CHICAGO (WGN) — TRANSITIONS functioned as a stress test for Chicago’s dance scene — and for the people moving between venues night after night.
The weeklong New Year’s series from Auris Presents spread across seven clubs, creating an experience that rewarded planning, stamina and a willingness to chase the right room at the right time.
The strongest throughline was pacing. Each night followed one of three themes — solid, liquid or vapor — and while the visual elements leaned subtle rather than spectacular, the idea landed in the programming.
DJs were generally given space to build, with sets that eased in patiently before hitting more ecstatic stretches closer to sunrise.
Lineups were consistently strong, if occasionally overwhelming in choice. Sets from artists like Four Tet and Purple Disco Machine drew packed rooms, while appearances by Cloonee and Claude VonStroke catered to different corners of the house and techno spectrum.
The standout was DAY ONE at SERUM, a 21-hour marathon that felt genuinely communal — part endurance challenge, part shared recovery session after a week of late nights.
TRANSITIONS’ nods to Chicago’s history were thoughtfully integrated rather than nostalgic.

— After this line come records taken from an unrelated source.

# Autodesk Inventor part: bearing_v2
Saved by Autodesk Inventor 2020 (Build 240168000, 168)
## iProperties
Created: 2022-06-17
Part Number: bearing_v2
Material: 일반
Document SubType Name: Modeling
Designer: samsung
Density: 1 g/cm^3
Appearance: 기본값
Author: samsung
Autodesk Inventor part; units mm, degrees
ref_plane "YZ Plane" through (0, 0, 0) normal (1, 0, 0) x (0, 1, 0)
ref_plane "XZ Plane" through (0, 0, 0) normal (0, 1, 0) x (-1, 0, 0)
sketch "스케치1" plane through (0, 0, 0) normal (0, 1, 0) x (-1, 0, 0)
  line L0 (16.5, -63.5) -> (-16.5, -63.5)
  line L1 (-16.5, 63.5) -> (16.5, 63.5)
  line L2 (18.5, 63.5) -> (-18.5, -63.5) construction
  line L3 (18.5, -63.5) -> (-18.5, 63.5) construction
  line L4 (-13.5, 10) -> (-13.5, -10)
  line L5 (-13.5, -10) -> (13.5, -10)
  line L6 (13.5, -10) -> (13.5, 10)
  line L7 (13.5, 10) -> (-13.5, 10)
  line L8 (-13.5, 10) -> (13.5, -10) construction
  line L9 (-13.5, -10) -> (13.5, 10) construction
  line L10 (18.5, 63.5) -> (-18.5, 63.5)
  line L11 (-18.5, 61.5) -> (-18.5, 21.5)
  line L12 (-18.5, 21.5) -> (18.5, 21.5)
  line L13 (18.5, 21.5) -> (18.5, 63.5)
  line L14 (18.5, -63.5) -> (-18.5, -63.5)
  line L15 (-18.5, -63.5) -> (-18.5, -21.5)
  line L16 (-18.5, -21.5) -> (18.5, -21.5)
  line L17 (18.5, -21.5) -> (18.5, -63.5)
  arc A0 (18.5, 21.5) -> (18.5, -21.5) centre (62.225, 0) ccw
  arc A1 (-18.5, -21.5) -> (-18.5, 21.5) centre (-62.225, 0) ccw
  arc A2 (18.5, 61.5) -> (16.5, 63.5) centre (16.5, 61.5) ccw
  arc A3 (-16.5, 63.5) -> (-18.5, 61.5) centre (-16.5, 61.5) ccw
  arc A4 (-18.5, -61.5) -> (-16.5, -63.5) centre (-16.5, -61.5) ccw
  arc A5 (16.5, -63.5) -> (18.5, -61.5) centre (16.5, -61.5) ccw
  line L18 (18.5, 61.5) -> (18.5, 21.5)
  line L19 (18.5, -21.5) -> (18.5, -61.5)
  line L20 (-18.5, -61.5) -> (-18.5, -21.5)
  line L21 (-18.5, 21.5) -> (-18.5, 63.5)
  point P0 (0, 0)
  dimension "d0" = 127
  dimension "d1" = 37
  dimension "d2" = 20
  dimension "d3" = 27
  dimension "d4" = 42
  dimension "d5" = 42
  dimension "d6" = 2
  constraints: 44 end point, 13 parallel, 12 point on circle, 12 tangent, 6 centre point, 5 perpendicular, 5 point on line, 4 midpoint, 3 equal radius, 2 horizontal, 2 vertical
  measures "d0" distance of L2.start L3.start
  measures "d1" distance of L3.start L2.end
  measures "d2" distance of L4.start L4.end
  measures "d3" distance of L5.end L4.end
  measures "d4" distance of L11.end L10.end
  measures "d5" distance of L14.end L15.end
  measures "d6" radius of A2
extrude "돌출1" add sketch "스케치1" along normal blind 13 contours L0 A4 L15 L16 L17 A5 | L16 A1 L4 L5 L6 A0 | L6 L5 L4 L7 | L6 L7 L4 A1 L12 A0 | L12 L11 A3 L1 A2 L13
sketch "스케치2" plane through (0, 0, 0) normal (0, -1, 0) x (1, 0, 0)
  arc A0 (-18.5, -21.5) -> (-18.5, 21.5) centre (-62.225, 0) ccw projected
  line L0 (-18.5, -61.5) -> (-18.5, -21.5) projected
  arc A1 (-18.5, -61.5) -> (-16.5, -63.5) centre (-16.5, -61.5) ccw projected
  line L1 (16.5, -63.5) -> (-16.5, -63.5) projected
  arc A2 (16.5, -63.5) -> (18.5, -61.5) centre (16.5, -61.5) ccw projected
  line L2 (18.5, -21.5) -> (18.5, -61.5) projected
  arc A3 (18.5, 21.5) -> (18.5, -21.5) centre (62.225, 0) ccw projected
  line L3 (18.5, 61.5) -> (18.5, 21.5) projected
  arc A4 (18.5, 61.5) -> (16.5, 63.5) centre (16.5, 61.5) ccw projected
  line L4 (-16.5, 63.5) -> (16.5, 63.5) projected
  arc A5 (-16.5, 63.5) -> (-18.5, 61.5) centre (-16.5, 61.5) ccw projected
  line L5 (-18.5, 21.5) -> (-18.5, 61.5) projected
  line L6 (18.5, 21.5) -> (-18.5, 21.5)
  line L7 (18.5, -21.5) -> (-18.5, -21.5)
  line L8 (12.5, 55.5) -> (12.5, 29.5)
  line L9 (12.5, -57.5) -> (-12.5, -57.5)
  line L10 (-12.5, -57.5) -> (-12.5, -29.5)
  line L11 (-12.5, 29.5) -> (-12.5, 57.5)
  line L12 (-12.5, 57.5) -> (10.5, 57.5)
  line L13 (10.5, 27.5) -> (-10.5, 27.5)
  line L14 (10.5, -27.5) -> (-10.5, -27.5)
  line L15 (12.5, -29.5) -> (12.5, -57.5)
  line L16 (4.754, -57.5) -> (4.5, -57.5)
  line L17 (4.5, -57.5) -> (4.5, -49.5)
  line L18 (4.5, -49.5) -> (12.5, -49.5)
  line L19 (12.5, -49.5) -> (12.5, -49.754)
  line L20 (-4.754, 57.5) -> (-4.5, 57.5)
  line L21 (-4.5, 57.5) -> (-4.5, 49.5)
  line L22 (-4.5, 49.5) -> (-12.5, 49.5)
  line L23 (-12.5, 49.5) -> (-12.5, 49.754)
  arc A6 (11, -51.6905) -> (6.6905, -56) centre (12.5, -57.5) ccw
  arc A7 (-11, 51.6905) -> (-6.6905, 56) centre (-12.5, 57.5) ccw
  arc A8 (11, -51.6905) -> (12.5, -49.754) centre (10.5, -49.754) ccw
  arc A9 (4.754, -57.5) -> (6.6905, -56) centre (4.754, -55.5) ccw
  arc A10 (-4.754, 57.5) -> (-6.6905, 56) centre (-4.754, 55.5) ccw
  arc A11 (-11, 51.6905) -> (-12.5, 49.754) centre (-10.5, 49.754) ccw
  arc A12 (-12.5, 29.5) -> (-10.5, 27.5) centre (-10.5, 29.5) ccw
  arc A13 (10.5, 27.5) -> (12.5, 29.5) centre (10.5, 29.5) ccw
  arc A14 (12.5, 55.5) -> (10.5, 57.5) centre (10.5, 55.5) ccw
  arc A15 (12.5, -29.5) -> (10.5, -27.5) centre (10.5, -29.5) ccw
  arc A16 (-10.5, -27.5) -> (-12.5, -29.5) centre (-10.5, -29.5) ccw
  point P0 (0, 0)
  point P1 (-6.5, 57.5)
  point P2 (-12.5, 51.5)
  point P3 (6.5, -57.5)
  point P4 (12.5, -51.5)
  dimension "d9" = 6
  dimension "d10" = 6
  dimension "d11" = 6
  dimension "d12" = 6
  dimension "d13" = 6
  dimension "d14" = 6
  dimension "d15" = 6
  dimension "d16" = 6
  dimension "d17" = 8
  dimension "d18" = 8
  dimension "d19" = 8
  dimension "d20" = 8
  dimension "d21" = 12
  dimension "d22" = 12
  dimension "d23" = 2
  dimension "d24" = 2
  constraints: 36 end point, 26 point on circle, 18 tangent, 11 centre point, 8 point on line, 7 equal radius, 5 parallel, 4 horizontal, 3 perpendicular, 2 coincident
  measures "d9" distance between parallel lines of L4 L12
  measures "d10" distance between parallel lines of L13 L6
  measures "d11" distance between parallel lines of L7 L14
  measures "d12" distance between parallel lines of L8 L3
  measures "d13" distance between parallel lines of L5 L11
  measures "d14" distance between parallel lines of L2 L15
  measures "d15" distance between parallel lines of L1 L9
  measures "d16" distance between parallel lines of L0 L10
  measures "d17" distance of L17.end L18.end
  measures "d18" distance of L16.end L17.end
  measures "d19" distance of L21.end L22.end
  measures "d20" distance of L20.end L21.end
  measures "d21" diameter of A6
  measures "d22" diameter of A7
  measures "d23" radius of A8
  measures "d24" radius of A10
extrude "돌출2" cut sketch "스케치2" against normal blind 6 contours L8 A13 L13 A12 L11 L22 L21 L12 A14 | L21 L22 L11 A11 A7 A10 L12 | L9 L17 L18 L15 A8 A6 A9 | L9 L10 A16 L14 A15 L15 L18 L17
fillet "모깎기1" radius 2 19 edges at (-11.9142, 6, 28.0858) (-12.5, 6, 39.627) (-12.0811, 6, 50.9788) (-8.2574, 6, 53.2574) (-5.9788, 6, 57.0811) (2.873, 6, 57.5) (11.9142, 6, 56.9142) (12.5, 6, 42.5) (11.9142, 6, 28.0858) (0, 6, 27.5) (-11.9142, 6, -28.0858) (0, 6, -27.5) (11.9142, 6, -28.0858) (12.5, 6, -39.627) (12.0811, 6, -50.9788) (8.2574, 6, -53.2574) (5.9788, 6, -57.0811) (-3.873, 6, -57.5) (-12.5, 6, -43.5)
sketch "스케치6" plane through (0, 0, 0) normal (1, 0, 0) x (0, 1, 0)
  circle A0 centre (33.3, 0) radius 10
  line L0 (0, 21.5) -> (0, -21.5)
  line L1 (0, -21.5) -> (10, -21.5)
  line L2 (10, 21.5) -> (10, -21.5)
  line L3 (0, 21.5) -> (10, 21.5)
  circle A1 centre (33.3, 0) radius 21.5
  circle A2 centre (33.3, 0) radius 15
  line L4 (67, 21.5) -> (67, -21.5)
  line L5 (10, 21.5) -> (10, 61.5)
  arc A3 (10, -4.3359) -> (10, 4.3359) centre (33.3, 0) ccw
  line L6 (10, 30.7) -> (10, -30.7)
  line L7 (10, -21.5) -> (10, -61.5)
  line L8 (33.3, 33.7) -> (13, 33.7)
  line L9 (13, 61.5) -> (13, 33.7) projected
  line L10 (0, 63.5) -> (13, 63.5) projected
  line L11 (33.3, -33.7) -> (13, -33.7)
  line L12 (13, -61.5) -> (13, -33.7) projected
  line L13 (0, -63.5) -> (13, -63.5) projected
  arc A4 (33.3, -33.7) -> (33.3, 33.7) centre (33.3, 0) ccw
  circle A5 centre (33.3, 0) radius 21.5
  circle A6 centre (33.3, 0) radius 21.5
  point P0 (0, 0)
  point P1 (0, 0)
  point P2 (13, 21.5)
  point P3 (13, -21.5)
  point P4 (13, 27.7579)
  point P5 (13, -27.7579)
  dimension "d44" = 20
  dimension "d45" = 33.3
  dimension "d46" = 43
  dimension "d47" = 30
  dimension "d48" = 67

Visual references to The Warehouse and the legacy of Frankie Knuckles felt like context, not branding.
As an event, TRANSITIONS wasn’t without friction — overlapping schedules and late-night logistics occasionally tested even seasoned clubgoers — but those issues rarely outweighed the payoff.
At its best, the series felt expansive and alive, offering multiple ways to experience the city’s dance culture in a single week.
By leaning into long-form sets, genre variety and subtle historical grounding, TRANSITIONS captured a version of Chicago nightlife that’s ambitious, communal and still driven by the belief that the right room, at the right hour, is worth staying out for.